(Note: Mary is a resident of the Hardrock area of the reservation. She has been a key supporter of ANE for many years, and the Big Mountain food run is held at her family Homeland. Mary writes about a series of crippling snow storms that affected the reservation during January 2010.)
My favorite time of the year is winter. I love the snow and enjoy watching it all fall softly to the ground. Well, I almost started to . . . almost got tired of it last month. January brought on snow, and more snow, and even some more. We were now up to three feet in some areas and higher in other areas. We had not seen this in Hardrock for a long time.
My husband, Harry, and I work at the Hardrock Chapter house. He is the Community Services Coordinator. (Talk to Harry and "Jack-of-all-trades" is redefined in your vocabulary). I rent an office space there for the Hardrock Council on Substance Abuse, Inc. - a tiny 501(c)(3) organization. For us, work is eight minutes away. We live about 1/2 mile off the pavement, so on most days it's smooth sailing.
We started to receive calls from community members on the second week of on/off again snow. Our Chapter President, Percy Deal, rounded us all up and declared an emergency in Hardrock, although that really did not mean anything because in order for us to receive aid from the county or state, the President of the Navajo Nation and Governor of Arizona need to declare an emergency. That did not come for several more days. In the meantime, the Chapter hired two citizens and their modified four-wheel trucks. Some staff members practically moved into their offices. These people began to operate a shelter without any food or sleeping areas. We had to go shopping for food for the shelter and obtained sleeping bags.
The two four-wheelers were on constant call to dig out people stranded on roads and pick some up from their homes that needed to get to a doctor right away. Patients were beginning to miss dialysis appointments because there was just no way for them to get to the hospitals. Many of the elders were running out of medication, food, and water. Not only was it the elderly, but also young families who were used to living on a weekly supply of food.
Finally we started to see help, first from the Hopi Resources Enforcement, and then the National Guard.

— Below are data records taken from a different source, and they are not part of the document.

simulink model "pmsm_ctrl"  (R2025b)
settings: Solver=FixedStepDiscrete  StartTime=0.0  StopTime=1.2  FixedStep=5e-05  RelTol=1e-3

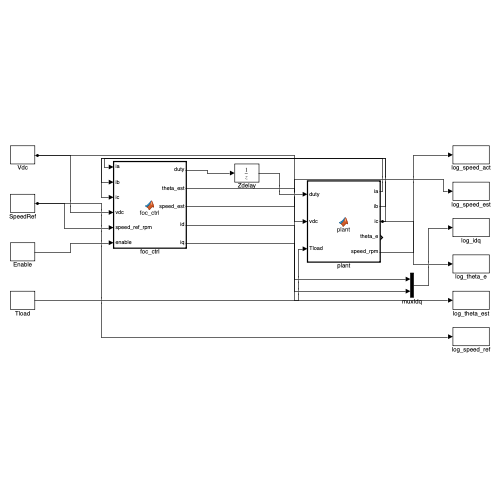
[thumbnail: Simulink's stored preview of the top-level diagram]
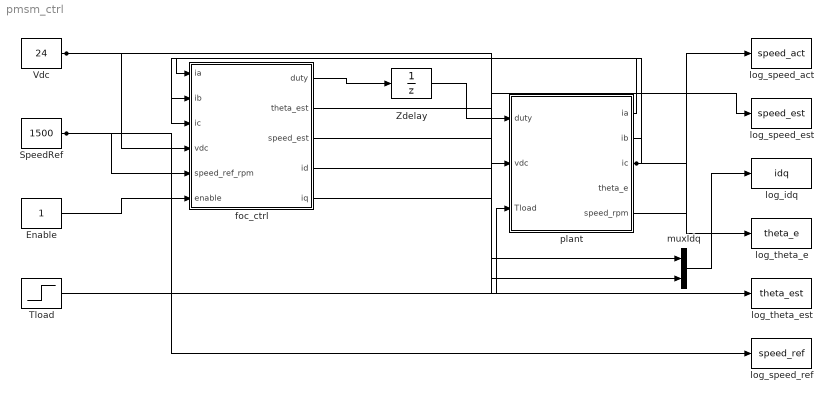
== system pmsm_ctrl ==
  Enable : Constant
  SpeedRef : Constant  Value=1500
  Tload : Step  Time=1.0  After=0.10  SampleTime=0
  Vdc : Constant  Value=24
  Zdelay : UnitDelay  InitialCondition=[0.5 0.5 0.5]  SampleTime=-1  HasFrameUpgradeWarning=on
  foc_ctrl : MATLAB Function  TreatAsAtomicUnit=on
  log_idq : ToWorkspace  VariableName=idq  SaveFormat=Timeseries  SampleTime=-1
  log_speed_act : ToWorkspace  VariableName=speed_act  SaveFormat=Timeseries  SampleTime=-1
  log_speed_est : ToWorkspace  VariableName=speed_est  SaveFormat=Timeseries  SampleTime=-1
  log_speed_ref : ToWorkspace  VariableName=speed_ref  SaveFormat=Timeseries  SampleTime=-1
  log_theta_e : ToWorkspace  VariableName=theta_e  SaveFormat=Timeseries  SampleTime=-1
  log_theta_est : ToWorkspace  VariableName=theta_est  SaveFormat=Timeseries  SampleTime=-1
  muxIdq : Mux  Inputs=2
  plant : MATLAB Function  TreatAsAtomicUnit=on
  wires:
  Vdc/1 -> foc_ctrl/4(vdc), plant/2(vdc)
  SpeedRef/1 -> foc_ctrl/5(speed_ref_rpm), log_speed_ref/1
  Enable/1 -> foc_ctrl/6(enable)
  foc_ctrl/1(duty) -> Zdelay/1
  Zdelay/1 -> plant/1(duty)
  Tload/1 -> plant/3(Tload)
  plant/1(ia) -> foc_ctrl/1(ia)
  plant/2(ib) -> foc_ctrl/2(ib)
  plant/3(ic) -> foc_ctrl/3(ic), log_theta_e/1
  plant/5(speed_rpm) -> log_speed_act/1
  foc_ctrl/3(speed_est) -> log_speed_est/1
  foc_ctrl/4(id) -> muxIdq/1
  foc_ctrl/5(iq) -> muxIdq/2
  muxIdq/1 -> log_idq/1
  foc_ctrl/2(theta_est) -> log_theta_est/1

== matlab function pmsm_ctrl/plant ==
function [ia, ib, ic, theta_e, speed_rpm] = plant(duty, vdc, Tload)
persistent st p initialized
if isempty(initialized)
    p = mc_params();
    st = pmsm_plant_init(p);
    initialized = true;
end
[ia, ib, ic, theta_e, speed_rpm, st] = pmsm_plant_step(duty, vdc, Tload, st, p);
end

== matlab function pmsm_ctrl/foc_ctrl ==
function [duty, theta_est, speed_est, id, iq] = foc_ctrl(ia, ib, ic, vdc, speed_ref_rpm, enable)
%#codegen
persistent st p initialized
if isempty(initialized)
    p = mc_params();
    st = foc_state_init(p);
    initialized = true;
end
[duty_s, dbg, st] = foc_controller_step(single(ia), single(ib), single(ic), single(vdc), single(speed_ref_rpm), single(enable), st, p);
% cast to double at the Simulink boundary (core stays single for STM32 C)
duty = double(duty_s);
theta_est = double(dbg(1));
speed_est = double(dbg(2));
id = double(dbg(3));
iq = double(dbg(4));
end
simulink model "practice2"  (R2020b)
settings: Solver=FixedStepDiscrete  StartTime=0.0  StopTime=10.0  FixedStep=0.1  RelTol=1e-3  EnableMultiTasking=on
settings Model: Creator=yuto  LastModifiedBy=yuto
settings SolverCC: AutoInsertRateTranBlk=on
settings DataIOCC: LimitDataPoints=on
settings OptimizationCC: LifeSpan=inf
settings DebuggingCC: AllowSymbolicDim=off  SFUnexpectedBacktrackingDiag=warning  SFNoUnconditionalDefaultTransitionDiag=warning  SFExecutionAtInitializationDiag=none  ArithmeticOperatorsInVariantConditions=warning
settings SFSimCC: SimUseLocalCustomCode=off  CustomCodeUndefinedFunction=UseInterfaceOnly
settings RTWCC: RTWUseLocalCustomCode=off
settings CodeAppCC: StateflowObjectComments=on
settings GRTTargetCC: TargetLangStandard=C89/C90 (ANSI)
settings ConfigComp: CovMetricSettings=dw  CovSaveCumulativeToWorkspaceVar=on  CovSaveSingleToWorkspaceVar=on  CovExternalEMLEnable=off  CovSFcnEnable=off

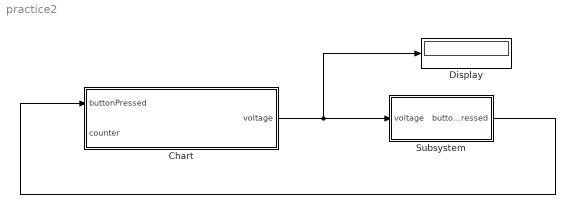
== system practice2 ==
  Chart : Stateflow chart  TreatAsAtomicUnit=on
  Display : Display
  Subsystem : Subsystem
  wires:
  Chart/1(voltage) -> Display/1, Subsystem/1(voltage)
  Subsystem/1(buttonPressed) -> Chart/1(buttonPressed)

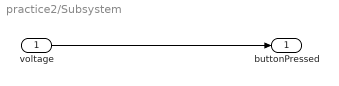
== system practice2/Subsystem ==
  voltage : Inport
  buttonPressed : Outport
  wires:
  voltage/1 -> buttonPressed/1

== stateflow chart practice2/Chart ==
  state turnOn1
    entry:voltage=1;
  state turnOff
    entry:voltage=-1;
    counter = counter + 1
  (default) -> turnOn1
  turnOn1 -> turnOff : [buttonPressed==1]
  turnOff -> turnOn1 : [buttonPressed==0]
  data: voltage output; buttonPressed input; counter input

I am sorry to say that the Navajo Nation did not step up until the very end, and that was only after begging and pleading with the Navajo Relocation Commission office in Window Rock. The National Guard brought their big trucks, and we were able to load up hay, food, and water for the people who lived the farthest away from the chapter. On a good dry day, an hour is how long it usually takes to go visiting. It took the National Guard, a big grader, and Harry as a guide, almost the whole day to reach the farthest home. The National Guard was able to help out for two only days the first time. The second group came three days later and helped out for a day and a half.
In the meantime, we had to keep the fire going at home. We were constantly making snow piles to make way for our sheep and horses. The Chapter, where we bought hay, was low on their supplies because the vendors could not get the trailers in. Shoveling snow from our roofs was fun and scary if you've never done it. Our truck would sometimes freeze to the ground, and we would bring out hot water to defrost it before it would move again. The tire chains did not come off for weeks. Pretty soon the truck was parked at the pavement, and we would walk. The half mile felt more like five in our clunky snow boots and always carrying what we could from the store.
The psychologist who works with me explained that we are sun people and that only the sun would bring back our smiles and dampen our anxiety. Attitudes began to show at work, staff members became short tempered, and frustration flared. We cried because there was not any more we could do.
Community members became angry with us for no reason. The first Chapter meeting after all of this, the building was filled to capacity. We heard support from some of them, but others still felt we did not do enough.
Then I began to wonder - - - what happened to us? At what point in one's life does one start to think that someone else is responsible for them? My mother, rest her soul, taught us to be independent. Never look upon another person's table thinking that you should be fed, she would say. I remember her saying, "take care of the sheep, in turn, they will take care of you". I guess I was very fortunate to have someone who did not let me do things my way. All in all, would I do it again? Yeah, no doubt. We just need better roads. But then again I would not want thousands of unfamiliar people at my door asking for the way to the Grand Canyon, or the shortcut to - - - wherever.